A "linked-list" loop, like "while(node) node = node->next;" will be sequential and use almost none of the register file (impossible to extract parallelism, even with all of our Out-Of-Order tricks we have today), meaning Thread#2 can SMT and maybe use all 180-registers in the file for itself.
-----
Side note: this is why I think Apple's M1 design is kind of insane/terrible. Apple's register file is something like 380+ registers or somewhere there-abouts (on an ARM architecture only showing 31 registers to the assembly language), but does NOT in fact use SMT.
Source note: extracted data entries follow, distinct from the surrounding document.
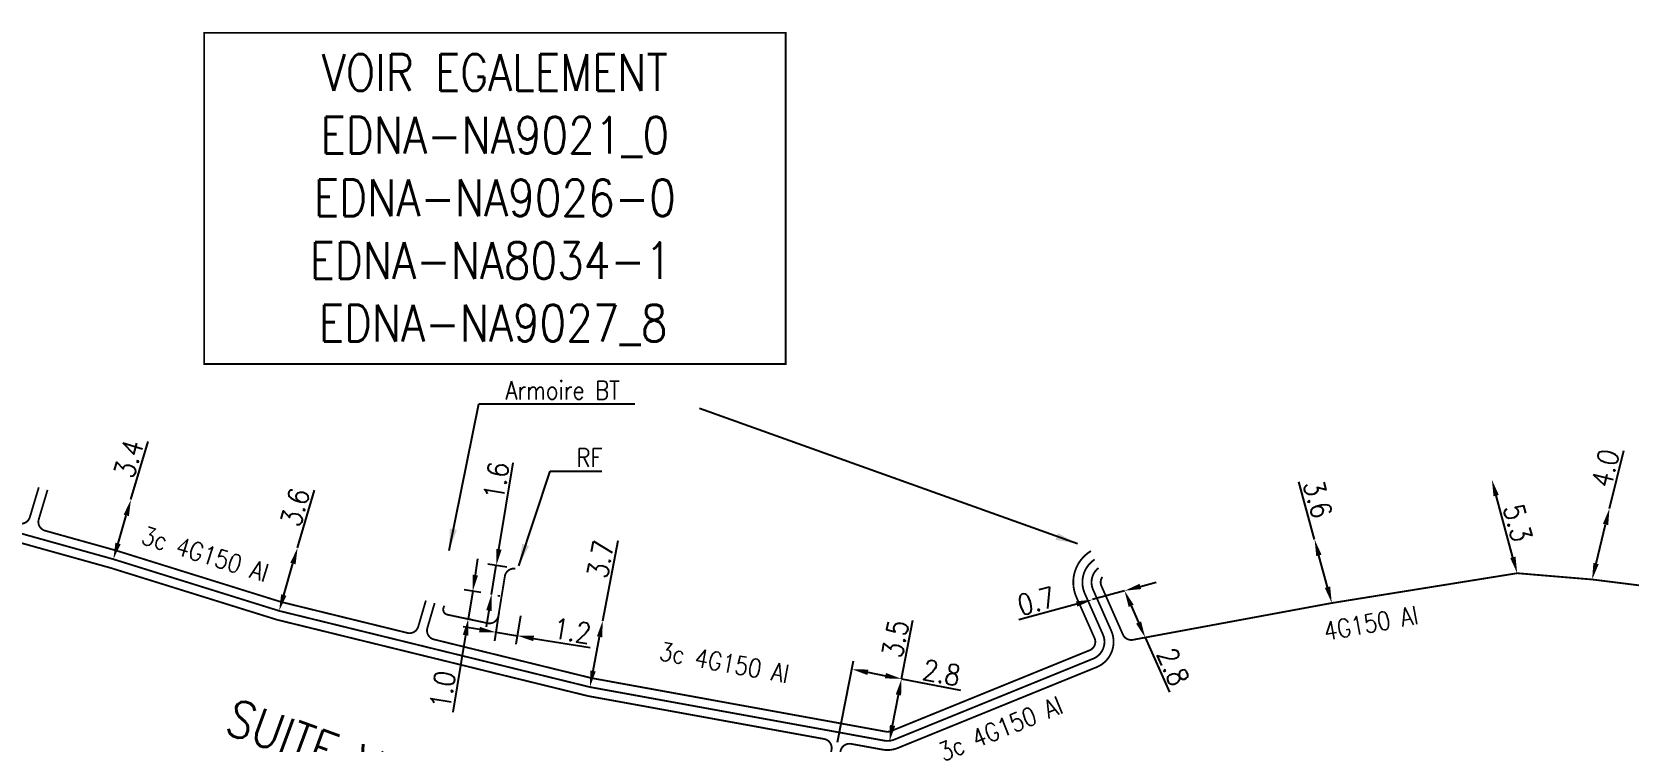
# Model space of a CAD drawing. Header units: millimetres. Extents: x 185001 to 186000, y 126997 to 128000.
# Drawn here: x 185421.4 to 185508.8, y 127561.3 to 127600.1 of the extents above; entities that cross this region are included whole.
import ezdxf
from ezdxf.enums import TextEntityAlignment as Align

# ---------------------------------------------------------------- set-up
doc = ezdxf.new("R2010")
doc.units = ezdxf.units.MM
doc.header["$PDMODE"] = 34
doc.linetypes.add('B_ST_Al', pattern=[2000, 1000, 1000])
doc.layers.get('Defpoints').update_dxf_attribs({"linetype": 'CONTINUOUS'})
doc.layers.add('B_110', color=1, linetype='CONTINUOUS')
doc.layers.add('B_930', color=7, linetype='CONTINUOUS')
doc.styles.get("Standard").update_dxf_attribs({"font": 'romans.shx', "width": 0.85})
doc.dimstyles.get("Standard").update_dxf_attribs({"dimtxt": 1.5, "dimasz": 1.2, "dimexe": 0.625, "dimexo": 0.625, "dimgap": 0.25, "dimtad": 1, "dimdec": 1, "dimzin": 0, "dimdsep": 46, "dimtxsty": 'Standard', "dimcen": -0.5, "dimadec": 0, "dimazin": 0, "dimtfac": 1, "dimtdec": 1, "dimtmove": 0, "dimatfit": 3, "dimfxl": 0, "dimtolj": 1, "dimtzin": 0, "dimarcsym": 0})

# ---------------------------------------------------------------- blocks, each defined once
blk = doc.blocks.new('*D269')
at = {"layer": 'B_110', "color": 0, "linetype": 'Continuous', "lineweight": -2, "transparency": 16777216}
for p, q in [((185426.817, 127574.541), (185427.759, 127577.729)), ((185426.109, 127572.143), (185426.562, 127573.678))]:
    blk.add_line(p, q, dxfattribs=at)
at = {"layer": 'B_110', "color": 0, "linetype": 'Continuous', "transparency": 16777216}
for points in [[(185426.418, 127573.72), (185426.706, 127573.635), (185426.817, 127574.541)], [(185425.965, 127572.186), (185426.253, 127572.101), (185425.854, 127571.28)]]:
    blk.add_solid(points, dxfattribs=at)
at = {"layer": 'Defpoints', "color": 0, "linetype": 'Continuous', "transparency": 16777216}
for p in [(185426.817, 127574.541), (185426.817, 127574.541), (185425.854, 127571.28)]:
    blk.add_point(p, dxfattribs=at)
at = {"layer": 'B_110', "color": 0, "linetype": 'Continuous', "transparency": 16777216, "insert": (185426.696, 127576.779), "char_height": 1.125, "attachment_point": 5, "rotation": 73.5429}
blk.add_mtext('\\A1;3.4', dxfattribs=at)
blk = doc.blocks.new('*D270')
at = {"layer": 'B_110', "color": 0, "linetype": 'Continuous', "lineweight": -2, "transparency": 16777216}
for p, q in [((185435.94, 127571.907), (185436.859, 127575.055)), ((185435.183, 127569.316), (185435.688, 127571.043))]:
    blk.add_line(p, q, dxfattribs=at)
at = {"layer": 'B_110', "color": 0, "linetype": 'Continuous', "transparency": 16777216}
for points in [[(185435.544, 127571.086), (185435.832, 127571.001), (185435.94, 127571.907)], [(185435.039, 127569.358), (185435.327, 127569.274), (185434.931, 127568.452)]]:
    blk.add_solid(points, dxfattribs=at)
at = {"layer": 'Defpoints', "color": 0, "linetype": 'Continuous', "transparency": 16777216}
for p in [(185435.94, 127571.907), (185435.94, 127571.907), (185434.931, 127568.452)]:
    blk.add_point(p, dxfattribs=at)
at = {"layer": 'B_110', "color": 0, "linetype": 'Continuous', "transparency": 16777216, "insert": (185435.806, 127574.123), "char_height": 1.125, "attachment_point": 5, "rotation": 73.71987}
blk.add_mtext('\\A1;3.6', dxfattribs=at)
blk = doc.blocks.new('*D272')
at = {"layer": 'B_110', "color": 0, "linetype": 'Continuous', "lineweight": -2, "transparency": 16777216}
for p, q in [((185445.673, 127570.41), (185445.818, 127571.298)), ((185445.972, 127569.449), (185445.065, 127569.597)), ((185445.528, 127569.522), (185445.28, 127568.007)), ((185445.428, 127567.983), (185444.817, 127568.083)), ((185445.135, 127567.119), (185444.446, 127562.904))]:
    blk.add_line(p, q, dxfattribs=at)
at = {"layer": 'B_110', "color": 0, "linetype": 'Continuous', "transparency": 16777216}
for points in [[(185445.525, 127570.434), (185445.821, 127570.386), (185445.528, 127569.522)], [(185444.987, 127567.143), (185445.283, 127567.095), (185445.28, 127568.007)]]:
    blk.add_solid(points, dxfattribs=at)
at = {"layer": 'Defpoints', "color": 0, "linetype": 'Continuous', "transparency": 16777216}
for p in [(185445.528, 127569.522), (185446.434, 127569.374), (185445.891, 127567.907)]:
    blk.add_point(p, dxfattribs=at)
at = {"layer": 'B_110', "color": 0, "linetype": 'Continuous', "transparency": 16777216, "insert": (185443.887, 127564.131), "char_height": 1.125, "attachment_point": 5, "rotation": 80.72023}
blk.add_mtext('\\A1;1.0', dxfattribs=at)
blk = doc.blocks.new('*D273')
at = {"layer": 'B_110', "color": 0, "linetype": 'Continuous', "lineweight": -2, "transparency": 16777216}
for p, q in [((185446.966, 127568.365), (185446.714, 127566.82)), ((185445.901, 127567.428), (185445.013, 127567.573)), ((185448.151, 127568.172), (185447.898, 127566.626)), ((185446.789, 127567.283), (185447.974, 127567.089)), ((185448.862, 127566.944), (185451.963, 127566.437))]:
    blk.add_line(p, q, dxfattribs=at)
at = {"layer": 'B_110', "color": 0, "linetype": 'Continuous', "transparency": 16777216}
for points in [[(185445.925, 127567.576), (185445.877, 127567.28), (185446.789, 127567.283)], [(185448.886, 127567.092), (185448.838, 127566.796), (185447.974, 127567.089)]]:
    blk.add_solid(points, dxfattribs=at)
at = {"layer": 'Defpoints', "color": 0, "linetype": 'Continuous', "transparency": 16777216}
for p in [(185447.042, 127568.828), (185448.226, 127568.635), (185447.974, 127567.089)]:
    blk.add_point(p, dxfattribs=at)
at = {"layer": 'B_110', "color": 0, "linetype": 'Continuous', "transparency": 16777216, "insert": (185450.977, 127567.358), "char_height": 1.125, "attachment_point": 5, "rotation": 350.72023}
blk.add_mtext('\\A1;1.2', dxfattribs=at)
blk = doc.blocks.new('*D274')
at = {"layer": 'B_110', "color": 0, "linetype": 'Continuous', "lineweight": -2, "transparency": 16777216}
for p, q in [((185446.963, 127571.82), (185447.737, 127576.557)), ((185447.406, 127570.836), (185446.355, 127571.008)), ((185446.56, 127569.353), (185446.818, 127570.932)), ((185446.897, 127569.298), (185447.023, 127569.278)), ((185446.415, 127568.465), (185446.27, 127567.577))]:
    blk.add_line(p, q, dxfattribs=at)
at = {"layer": 'B_110', "color": 0, "linetype": 'Continuous', "transparency": 16777216}
for points in [[(185446.815, 127571.845), (185447.111, 127571.796), (185446.818, 127570.932)], [(185446.267, 127568.489), (185446.563, 127568.441), (185446.56, 127569.353)]]:
    blk.add_solid(points, dxfattribs=at)
at = {"layer": 'Defpoints', "color": 0, "linetype": 'Continuous', "transparency": 16777216}
for p in [(185447.869, 127570.761), (185446.434, 127569.374), (185446.56, 127569.353)]:
    blk.add_point(p, dxfattribs=at)
at = {"layer": 'B_110', "color": 0, "linetype": 'Continuous', "transparency": 16777216, "insert": (185446.816, 127575.572), "char_height": 1.125, "attachment_point": 5, "rotation": 80.72023}
blk.add_mtext('\\A1;1.6', dxfattribs=at)
blk = doc.blocks.new('*D275')
at = {"layer": 'B_110', "color": 0, "linetype": 'Continuous', "lineweight": -2, "transparency": 16777216}
for p, q in [((185452.646, 127567.912), (185453.489, 127572.3)), ((185452.118, 127565.163), (185452.476, 127567.028))]:
    blk.add_line(p, q, dxfattribs=at)
at = {"layer": 'B_110', "color": 0, "linetype": 'Continuous', "transparency": 16777216}
for points in [[(185452.329, 127567.057), (185452.624, 127567), (185452.646, 127567.912)], [(185451.97, 127565.191), (185452.265, 127565.134), (185451.948, 127564.279)]]:
    blk.add_solid(points, dxfattribs=at)
at = {"layer": 'Defpoints', "color": 0, "linetype": 'Continuous', "transparency": 16777216}
for p in [(185452.646, 127567.912), (185452.646, 127567.912), (185451.948, 127564.279)]:
    blk.add_point(p, dxfattribs=at)
at = {"layer": 'B_110', "color": 0, "linetype": 'Continuous', "transparency": 16777216, "insert": (185452.528, 127571.274), "char_height": 1.125, "attachment_point": 5, "rotation": 79.12042}
blk.add_mtext('\\A1;3.7', dxfattribs=at)
blk = doc.blocks.new('*D276')
at = {"layer": 'B_110', "color": 0, "linetype": 'Continuous', "lineweight": -2, "transparency": 16777216}
for p, q in [((185469.009, 127564.732), (185469.63, 127567.951)), ((185468.516, 127562.179), (185468.838, 127563.848))]:
    blk.add_line(p, q, dxfattribs=at)
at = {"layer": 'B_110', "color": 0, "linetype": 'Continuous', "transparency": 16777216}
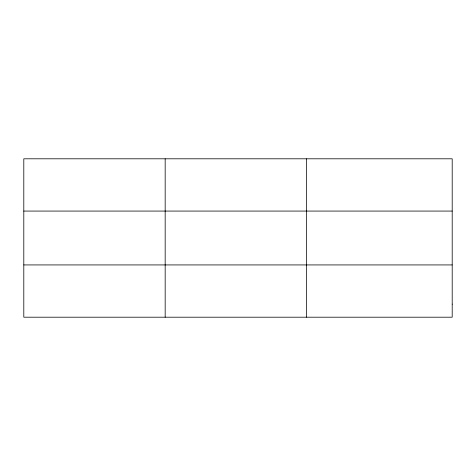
<?xml version="1.0" encoding="UTF-8"?>
<svg xmlns="http://www.w3.org/2000/svg" width="476" height="476" viewBox="0 0 476 476"><rect width="100%" height="100%" fill="white"/><g stroke="black" fill="none" stroke-linecap="round" stroke-linejoin="round"><path stroke-width="0.71" d="M165.172 317.2L165.172 158.8M306.544 317.2L306.544 158.8M23.8 211.07L452.2 211.07M23.8 264.93L452.2 264.93M452.2 304.128L452.2 317.2L23.8 317.2L23.8 158.8L452.2 158.8L452.2 304.128"/></g></svg>

That is to say: Apple expects a singular thread to actually use those 380+ registers (!!!), and not really benefit from additional threads splitting up that absurdly huge register file. I'm sure Apple has done their research / simulations or whatever, and maybe it works out for the programs they've benchmarked / studied. But... I have to imagine that implementing SMT onto the Apple chips would be one of the easier ways to improve multithreaded performance.
Great summary, though given the overall opinion of the M1's performance they must've done something right. Maybe it's due in part to ARM being less strict on memory ordering that'd allow the M1s to utilize those registers.
Its no surprise that a core with a register file sized at 300+ would outperform a core with a register file of size 180. Significantly more parallelism can be found.
Apple's main risk was deciding that such large register files were in fact useful to somebody.
For highly optimized workloads (e.g. x264 video encoding or raytracers) I've seen about the same 20-25% increase at most. On general heavy and diverse workloads the number is rarely ever above 5%, while the power consumption and the security concerns run off all the same. I personally disable SMT on everything I can.
OpenBSD defaults to turning SMT off these days because the core team is of the same opinion. Theo actually expressed a similar opinion over 15 years ago.